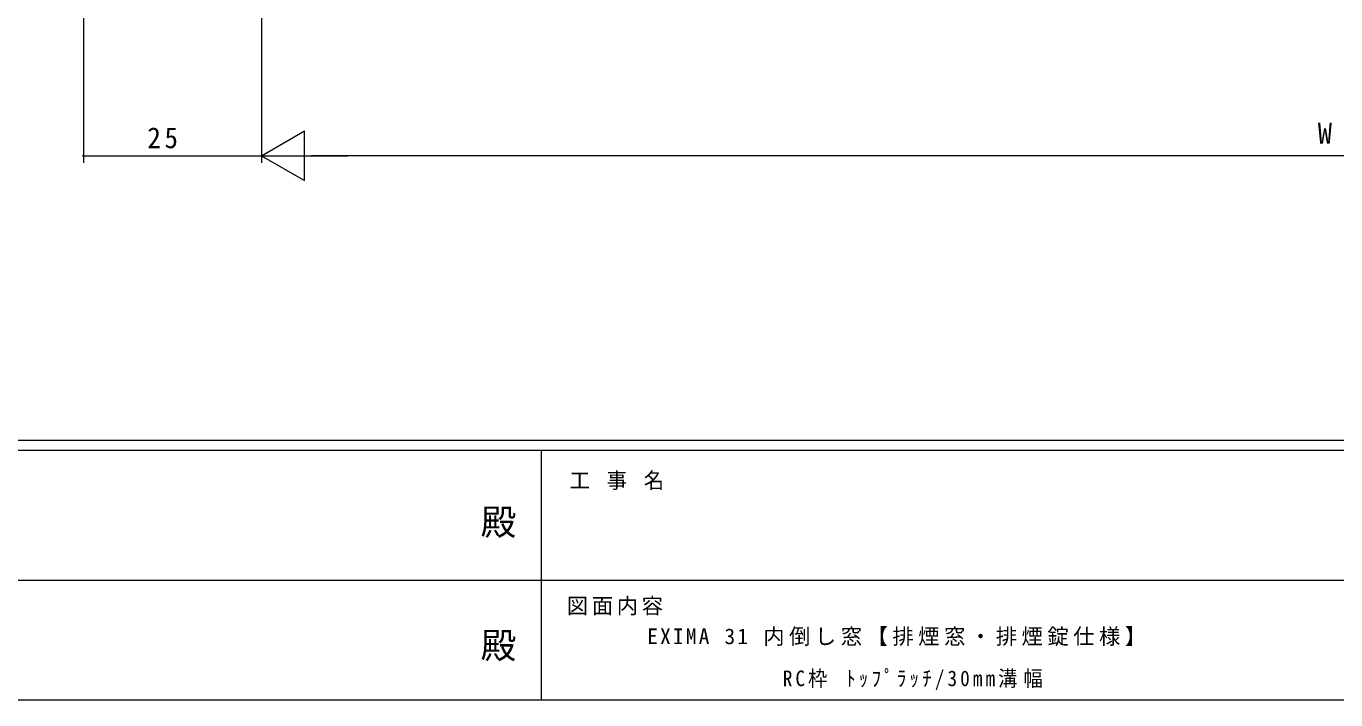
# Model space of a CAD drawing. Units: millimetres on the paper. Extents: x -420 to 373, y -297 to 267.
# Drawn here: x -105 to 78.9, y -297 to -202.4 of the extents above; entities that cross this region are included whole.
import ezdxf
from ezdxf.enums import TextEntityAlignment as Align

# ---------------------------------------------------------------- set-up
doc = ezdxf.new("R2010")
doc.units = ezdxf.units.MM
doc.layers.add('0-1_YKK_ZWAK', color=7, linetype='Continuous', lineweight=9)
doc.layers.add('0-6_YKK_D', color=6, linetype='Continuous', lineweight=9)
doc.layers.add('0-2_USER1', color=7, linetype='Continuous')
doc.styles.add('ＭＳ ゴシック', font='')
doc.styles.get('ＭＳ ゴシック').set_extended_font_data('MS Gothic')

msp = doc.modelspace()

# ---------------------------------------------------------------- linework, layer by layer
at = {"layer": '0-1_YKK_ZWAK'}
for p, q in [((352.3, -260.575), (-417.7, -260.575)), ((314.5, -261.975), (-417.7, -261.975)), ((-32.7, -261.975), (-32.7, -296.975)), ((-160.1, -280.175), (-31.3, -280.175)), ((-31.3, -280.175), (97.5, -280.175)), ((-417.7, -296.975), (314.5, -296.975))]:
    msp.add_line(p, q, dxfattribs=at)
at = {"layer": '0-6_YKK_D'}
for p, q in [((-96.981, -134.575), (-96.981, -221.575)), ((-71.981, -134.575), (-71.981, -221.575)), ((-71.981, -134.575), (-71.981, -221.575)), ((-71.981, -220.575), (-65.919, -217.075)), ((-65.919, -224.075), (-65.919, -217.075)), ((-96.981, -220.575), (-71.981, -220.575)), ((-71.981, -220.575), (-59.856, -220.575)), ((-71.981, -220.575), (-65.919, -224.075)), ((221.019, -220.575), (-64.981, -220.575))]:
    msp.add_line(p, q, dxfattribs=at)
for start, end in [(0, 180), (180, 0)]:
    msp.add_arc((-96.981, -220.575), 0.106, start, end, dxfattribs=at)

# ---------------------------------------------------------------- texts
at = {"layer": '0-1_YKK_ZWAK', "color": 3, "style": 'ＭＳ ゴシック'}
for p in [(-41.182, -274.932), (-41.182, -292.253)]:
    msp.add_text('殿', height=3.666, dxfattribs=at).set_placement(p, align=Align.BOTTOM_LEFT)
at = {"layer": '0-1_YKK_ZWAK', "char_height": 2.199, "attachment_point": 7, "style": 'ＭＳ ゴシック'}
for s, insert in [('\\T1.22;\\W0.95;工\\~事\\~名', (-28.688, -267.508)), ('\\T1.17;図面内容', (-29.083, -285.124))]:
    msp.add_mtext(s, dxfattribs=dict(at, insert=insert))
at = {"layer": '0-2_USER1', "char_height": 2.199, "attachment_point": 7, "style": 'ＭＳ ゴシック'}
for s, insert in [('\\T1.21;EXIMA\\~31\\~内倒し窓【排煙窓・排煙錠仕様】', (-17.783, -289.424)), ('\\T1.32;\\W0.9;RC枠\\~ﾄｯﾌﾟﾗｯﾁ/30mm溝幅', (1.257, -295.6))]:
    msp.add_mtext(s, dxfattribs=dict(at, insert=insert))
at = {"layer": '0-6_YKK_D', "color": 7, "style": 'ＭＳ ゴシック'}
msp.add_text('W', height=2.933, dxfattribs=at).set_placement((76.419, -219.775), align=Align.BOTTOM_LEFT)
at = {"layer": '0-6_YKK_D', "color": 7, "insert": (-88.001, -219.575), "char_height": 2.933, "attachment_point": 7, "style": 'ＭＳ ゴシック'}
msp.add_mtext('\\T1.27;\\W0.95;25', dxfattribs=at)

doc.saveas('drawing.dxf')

══════════════════════════════

▸ **PROBLEM TO SOLVE**
Give back the whole listing exactly; no pictures.

▸ **ANSWER SPACE**
# Model space of a CAD drawing. Units: millimetres on the paper. Extents: x -420 to 373, y -297 to 267.
# Drawn here: x -105 to 78.9, y -297 to -202.4 of the extents above; entities that cross this region are included whole.
import ezdxf
from ezdxf.enums import TextEntityAlignment as Align

# ---------------------------------------------------------------- set-up
doc = ezdxf.new("R2010")
doc.units = ezdxf.units.MM
doc.layers.add('0-1_YKK_ZWAK', color=7, linetype='Continuous', lineweight=9)
doc.layers.add('0-6_YKK_D', color=6, linetype='Continuous', lineweight=9)
doc.layers.add('0-2_USER1', color=7, linetype='Continuous')
doc.styles.add('ＭＳ ゴシック', font='')
doc.styles.get('ＭＳ ゴシック').set_extended_font_data('MS Gothic')

msp = doc.modelspace()

# ---------------------------------------------------------------- linework, layer by layer
at = {"layer": '0-1_YKK_ZWAK'}
for p, q in [((352.3, -260.575), (-417.7, -260.575)), ((314.5, -261.975), (-417.7, -261.975)), ((-32.7, -261.975), (-32.7, -296.975)), ((-160.1, -280.175), (-31.3, -280.175)), ((-31.3, -280.175), (97.5, -280.175)), ((-417.7, -296.975), (314.5, -296.975))]:
    msp.add_line(p, q, dxfattribs=at)
at = {"layer": '0-6_YKK_D'}
for p, q in [((-96.981, -134.575), (-96.981, -221.575)), ((-71.981, -134.575), (-71.981, -221.575)), ((-71.981, -134.575), (-71.981, -221.575)), ((-71.981, -220.575), (-65.919, -217.075)), ((-65.919, -224.075), (-65.919, -217.075)), ((-96.981, -220.575), (-71.981, -220.575)), ((-71.981, -220.575), (-59.856, -220.575)), ((-71.981, -220.575), (-65.919, -224.075)), ((221.019, -220.575), (-64.981, -220.575))]:
    msp.add_line(p, q, dxfattribs=at)
for start, end in [(0, 180), (180, 0)]:
    msp.add_arc((-96.981, -220.575), 0.106, start, end, dxfattribs=at)

# ---------------------------------------------------------------- texts
at = {"layer": '0-1_YKK_ZWAK', "color": 3, "style": 'ＭＳ ゴシック'}
for p in [(-41.182, -274.932), (-41.182, -292.253)]:
    msp.add_text('殿', height=3.666, dxfattribs=at).set_placement(p, align=Align.BOTTOM_LEFT)
at = {"layer": '0-1_YKK_ZWAK', "char_height": 2.199, "attachment_point": 7, "style": 'ＭＳ ゴシック'}
for s, insert in [('\\T1.22;\\W0.95;工\\~事\\~名', (-28.688, -267.508)), ('\\T1.17;図面内容', (-29.083, -285.124))]:
    msp.add_mtext(s, dxfattribs=dict(at, insert=insert))
at = {"layer": '0-2_USER1', "char_height": 2.199, "attachment_point": 7, "style": 'ＭＳ ゴシック'}
for s, insert in [('\\T1.21;EXIMA\\~31\\~内倒し窓【排煙窓・排煙錠仕様】', (-17.783, -289.424)), ('\\T1.32;\\W0.9;RC枠\\~ﾄｯﾌﾟﾗｯﾁ/30mm溝幅', (1.257, -295.6))]:
    msp.add_mtext(s, dxfattribs=dict(at, insert=insert))
at = {"layer": '0-6_YKK_D', "color": 7, "style": 'ＭＳ ゴシック'}
msp.add_text('W', height=2.933, dxfattribs=at).set_placement((76.419, -219.775), align=Align.BOTTOM_LEFT)
at = {"layer": '0-6_YKK_D', "color": 7, "insert": (-88.001, -219.575), "char_height": 2.933, "attachment_point": 7, "style": 'ＭＳ ゴシック'}
msp.add_mtext('\\T1.27;\\W0.95;25', dxfattribs=at)

doc.saveas('drawing.dxf')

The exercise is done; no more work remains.